Resistir é não aceitar a condição de invisível, pois, ao relacionar os ossos dos nossos antepassados com os mortos de hoje, Evaristo retrata a realidade do extermínio como se ainda estivessem escravizados. A legitimação do poder de matar é vigente, referendando a política de morte contra a vida dos corpos negros.

2. Viver é um ato de resistência

Os reflexos da colonialidade estão presentes no século XXI e, ao fazermos um recorte interseccional de gênero, raça e classe, percebemos o quanto o corpo negro dessa mulher, pobre, negra e favelada ainda sofre maior número de violências. A pesquisa traz a escrita que se move a partir de um lugar de fala de uma mulher, negra, professora da educação básica e ex-moradora da favela de Cidade de Deus. Ela agarrou-se à possibilidade de se profissionalizar para sobreviver em um país que não valoriza saberes plurais.

Após as eleições de 2018, com a política instaurada no Brasil, houve significativo retrocesso no que implica questões, como: políticas públicas de reparação das dívidas históricas que a sociedade brasileira tem com o povo negro, com permanente ataque às ações afirmativas previstas em legislações, além da produção de narrativas do atual governo e de seus apoiadores. Estes, além de invisibilizarem corpos negros, repercutem um discurso de ódio e exclusão. Apesar da decisão do Ministro Édson Fachin, do Supremo tribunal Federal, que proibiu a realização de operações policiais em favelas e morros do Rio de Janeiro, nos últimos meses, durante o período da pandemia do coronavírus, os registros de mortes de pessoas negras, de diferentes idades, não pararam de crescer. A proibição imposta, em caráter liminar, vigorou a partir de 5 de junho de 2020. Essa decisão judicial não teve efeitos práticos nesses espaços, pois corpos como os de Jenifer, João Pedro, Kathlen Romeu e outros viraram estatísticas, apesar do choro de dezenas de mães que perderam seus filhos, em extermínio público, sem o respeito ao Princípio da Dignidade da Pessoa Humana.

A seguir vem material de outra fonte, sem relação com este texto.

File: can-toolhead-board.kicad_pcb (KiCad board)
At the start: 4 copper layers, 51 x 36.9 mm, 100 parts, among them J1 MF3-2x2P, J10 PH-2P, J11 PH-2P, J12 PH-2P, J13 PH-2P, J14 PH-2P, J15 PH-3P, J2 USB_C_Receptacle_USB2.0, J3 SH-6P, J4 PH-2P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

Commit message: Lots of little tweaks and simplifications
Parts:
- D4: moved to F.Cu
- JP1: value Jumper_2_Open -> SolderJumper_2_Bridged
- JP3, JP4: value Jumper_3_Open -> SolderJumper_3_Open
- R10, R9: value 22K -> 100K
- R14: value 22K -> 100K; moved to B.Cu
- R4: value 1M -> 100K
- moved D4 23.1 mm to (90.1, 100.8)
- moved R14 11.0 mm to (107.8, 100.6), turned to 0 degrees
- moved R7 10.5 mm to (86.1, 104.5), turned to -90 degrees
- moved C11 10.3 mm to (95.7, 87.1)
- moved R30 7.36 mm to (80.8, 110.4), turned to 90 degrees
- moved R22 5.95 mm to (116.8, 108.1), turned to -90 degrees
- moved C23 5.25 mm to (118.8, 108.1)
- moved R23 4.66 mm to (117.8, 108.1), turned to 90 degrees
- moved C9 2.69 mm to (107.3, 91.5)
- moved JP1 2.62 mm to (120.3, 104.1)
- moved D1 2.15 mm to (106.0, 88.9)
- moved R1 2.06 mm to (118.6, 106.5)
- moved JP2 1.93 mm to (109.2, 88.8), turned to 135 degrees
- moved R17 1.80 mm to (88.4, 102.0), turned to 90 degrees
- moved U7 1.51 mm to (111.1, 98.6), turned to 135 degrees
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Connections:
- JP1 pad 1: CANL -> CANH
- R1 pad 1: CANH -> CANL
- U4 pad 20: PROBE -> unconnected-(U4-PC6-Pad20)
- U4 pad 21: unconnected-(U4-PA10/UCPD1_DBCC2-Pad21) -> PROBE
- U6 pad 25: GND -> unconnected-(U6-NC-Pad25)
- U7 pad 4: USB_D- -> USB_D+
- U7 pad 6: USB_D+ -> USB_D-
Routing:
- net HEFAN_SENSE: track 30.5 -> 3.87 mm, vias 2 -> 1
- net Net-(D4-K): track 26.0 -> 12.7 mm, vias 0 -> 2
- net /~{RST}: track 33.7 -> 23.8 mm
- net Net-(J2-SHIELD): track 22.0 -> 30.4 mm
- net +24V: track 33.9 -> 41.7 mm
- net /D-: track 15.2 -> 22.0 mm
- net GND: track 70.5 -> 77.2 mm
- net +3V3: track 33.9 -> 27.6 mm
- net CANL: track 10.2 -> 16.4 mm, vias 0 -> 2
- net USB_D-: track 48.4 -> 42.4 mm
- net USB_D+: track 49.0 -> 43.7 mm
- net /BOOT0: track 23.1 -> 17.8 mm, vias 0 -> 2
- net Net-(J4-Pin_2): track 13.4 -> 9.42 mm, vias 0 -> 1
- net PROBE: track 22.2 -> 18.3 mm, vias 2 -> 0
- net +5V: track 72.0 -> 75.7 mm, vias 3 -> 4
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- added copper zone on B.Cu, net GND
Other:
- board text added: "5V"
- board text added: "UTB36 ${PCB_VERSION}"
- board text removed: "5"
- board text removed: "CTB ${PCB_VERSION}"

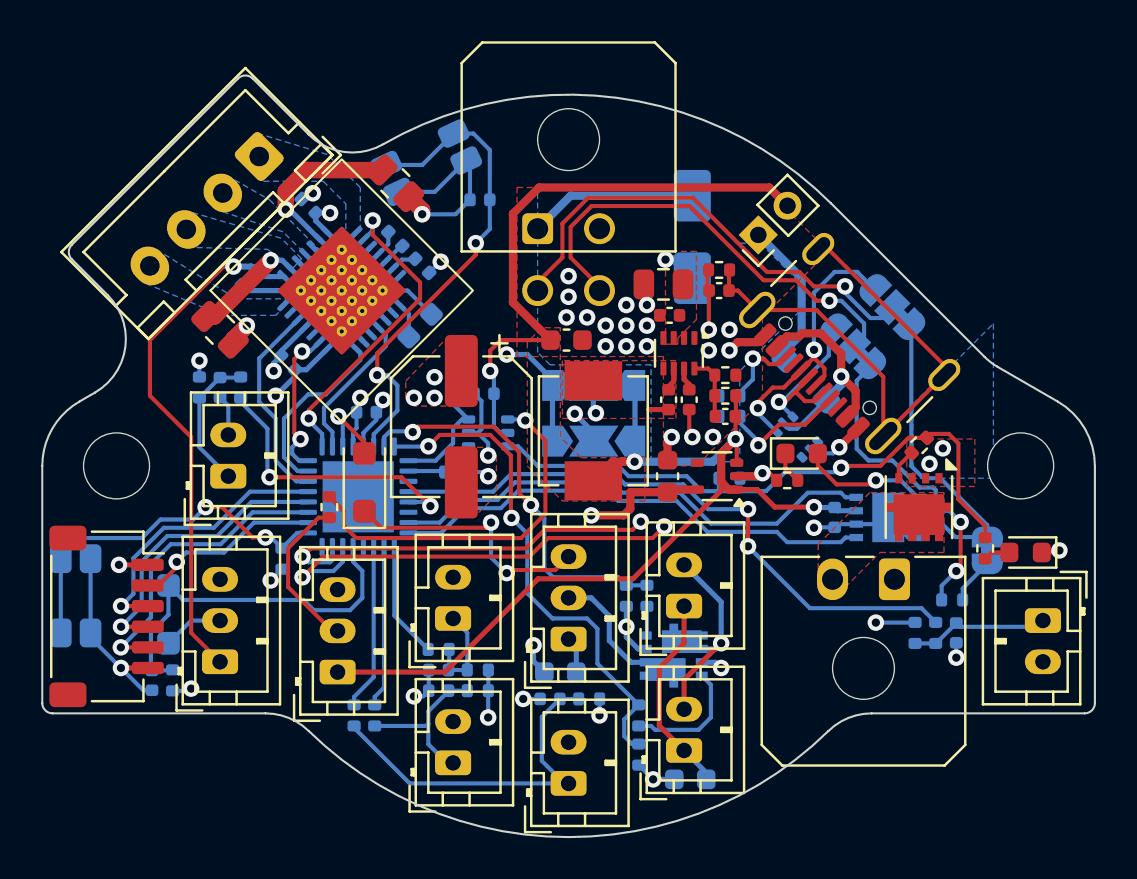
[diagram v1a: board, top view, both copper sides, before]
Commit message: Modify SPI connector pinout
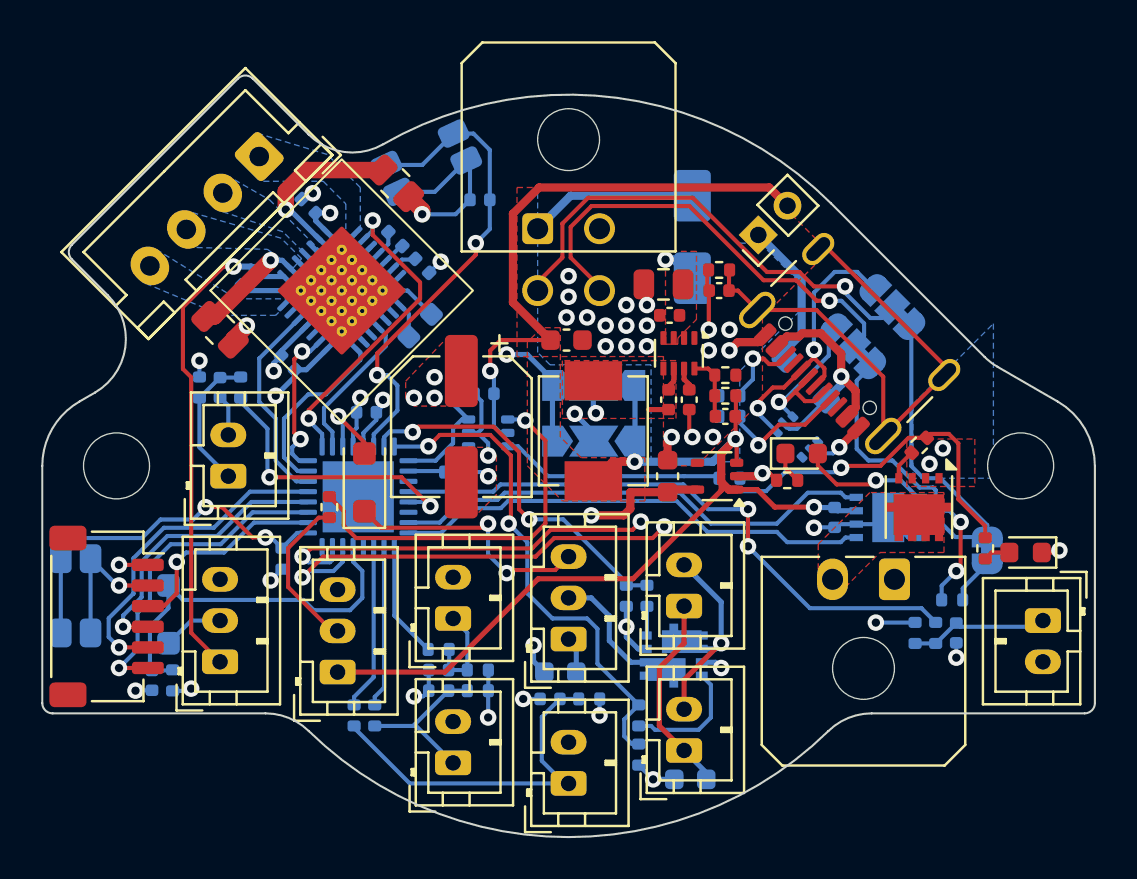
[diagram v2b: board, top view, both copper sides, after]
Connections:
- J3 pad 2: /~{SS} -> GND
- J3 pad 3: /MOSI -> /~{SS}
- J3 pad 5: /SCK -> /MOSI
- J3 pad 6: GND -> /SCK
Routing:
- net /MOSI: track 13.7 -> 16.2 mm
- net GND: track 77.2 -> 75.8 mm, vias 40 -> 41
- net +24V: track 41.7 -> 40.4 mm
- net /~{SS}: track 9.17 -> 10.3 mm
- net /SCK: track 14.6 -> 15.7 mm
- net PCFAN: track 19.2 -> 18.3 mm
- net Net-(R13-Pad1): track 29.8 -> 29.2 mm

Nesse cenário, escrever esta dissertação foi enorme desafio, um profundo desarrumar de ideias. Conseguir transbordar palavras para o papel, com o olhar para essa realidade de violência e dor, fez-me perceber a importância da denúncia, seja em que esfera for. Sem sombra de dúvida, precisamos ampliar o grito por justiça. Neste texto que reflete a pesquisa realizada, optou-se pela alternância entre escrever na terceira e na primeira pessoas; não apenas se fala/escreve como observadora; mais que isto, é o registro de alguém que faz parte do que escreve e, ao olhar o outro, reconhece em si as experiências comuns. É um escreviver como exercício de memórias coletivas e individuais.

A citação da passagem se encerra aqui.